Kemudian membeli lagi produk olahannya. Jika kita ingin serius membangun
kemandirian ekonomi, kita perlu membangun industri unggulan yang berbasis pada
kekayaan alam milik kita. Bayangkan, harga mentah bauksit berkisar USD 30–35,
jika diolah menjadi alumina harganya sekitar USD 350. Jika alumina diolah
lagi menjadi almunium akan berharga USD 2.000. Selama ini kita puas dengan
menjual bauksit dan membeli almunium olahannya. Demikian halnya dengan kekayaan
tambang lainnya seperti nikel, bijih besi, pasir besi, batu bara, timah, emas,
dan tembaga. Kita harus berhenti menjual bahan mentah kita.

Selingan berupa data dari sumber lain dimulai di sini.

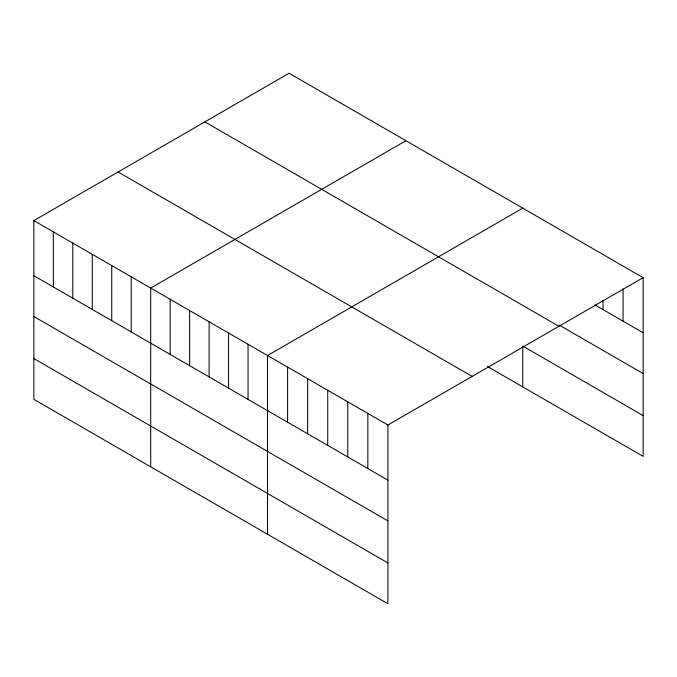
<?xml version="1.0" encoding="UTF-8"?>
<svg xmlns="http://www.w3.org/2000/svg" width="677" height="677" viewBox="0 0 677 677"><rect width="100%" height="100%" fill="white"/><g stroke="black" fill="none" stroke-linecap="round" stroke-linejoin="round"><path stroke-width="1.02" d="M33.85 220.609L387.913 425.021L387.913 603.757L33.85 399.337L33.85 220.609L289.087 73.243L643.15 277.663L643.15 456.391L487.364 366.452M405.929 140.706L150.692 288.063L150.692 466.791M522.771 208.161L267.533 355.518L267.533 534.255M387.913 425.021L643.15 277.663M594.812 304.87L643.15 332.771M559.244 325.129L643.15 373.569M204.86 121.877L558.923 326.289M522.771 346.099L643.15 415.602M118.077 171.975L472.14 376.395M33.85 275.717L387.913 480.137M33.85 316.514L387.913 520.926M33.85 358.548L387.913 562.959M623.085 288.952L623.085 321.194M603.021 300.25L603.021 309.609M522.771 347.115L522.771 386.889M367.848 413.435L367.848 468.552M347.783 401.859L347.783 456.967M327.719 390.274L327.719 445.381M307.654 378.688L307.654 433.796M287.598 367.103L287.598 422.22M248.061 344.28L248.061 399.388M228.581 333.033L228.581 388.149M209.108 321.795L209.108 376.903M189.636 310.548L189.636 365.665M170.164 299.31L170.164 354.418M131.22 276.825L131.22 331.933M111.747 265.579L111.747 320.686M92.267 254.332L92.267 309.448M72.794 243.094L72.794 298.202M53.322 231.847L53.322 286.963"/></g></svg>

Kita perlu
mengolahnya sendiri dan menjual produk olahannya karena nilai tambahnya sangat
besar. Sama halnya dengan kekayaan alam kita yang lain seperti hasil
perkebunan, hutan, dan laut, kita perlu berdikari dengan menciptakan industri
pengolahannya. Kita harus merubah sikap kita dengan bertindak sebagai bangsa
pekerja dan pengelola. Seperti dalam dongeng semut dan jangkrik. Saat cuaca
cerah, semut bekerja dan jangkrik bersenang-senang. Ketika musim hujan tiba dan
bahan makanan menjadi sulit. Jangkrik menderita kelaparan namun semut bisa
mengatasinya. Karena semut pekerja keras yang telah mempersiapkan diri
menghadapi masa yang sulit di depan. Kita harus berubah menjadi bangsa pekerja
seperti semut.
Jika
kita hanya menjadi bangsa penjual kekayaan alam mentah, kita tidak akan
berhasil membangun kemandirian ekonomi. Kita hanya menjadi negara kaya yang
miskin. Untuk bisa menjadi negara yang kuat dan disegani, kita perlu serius
membangun kemandirian ekonomi dengan mengolah seluruh potensi kekayaan alam
negeri kita. Sebab hal inilah yang menjadi modal dasar untuk bisa bersaing
dengan negara-negara lain. Jika kita tidak segera memulainya, di era
perdagangan bebas ini, kekayaan alam kita justru akan dikuasai asing. Oleh
karena itu, Indonesia harus segera bertindak membangun program ketahanan energi
nasional. Bekerjasama dengan pihak asing yang mau sejalan dengan kebijakan
kita. Kita perlu mengirim semua putra-putri terbaik untuk belajar mengenai
industri pengolahan berbasis kekayaan alam negeri kita. Dengan cara ini, kita
secara bertahap dapat membangun industri unggulan yang ditunjang kekayaan alam
kita. Industri ini akan mampu menciptakan produk yang memiliki daya saing di
dunia internasional, karena produk kita memiliki keunggulan komperatif
dibanding produk sejenis dari negara lain. Berdasarkan hal inilah, barulah kita
dapat meraih kemandirian ekonomi yang kita cita-citakan bersama.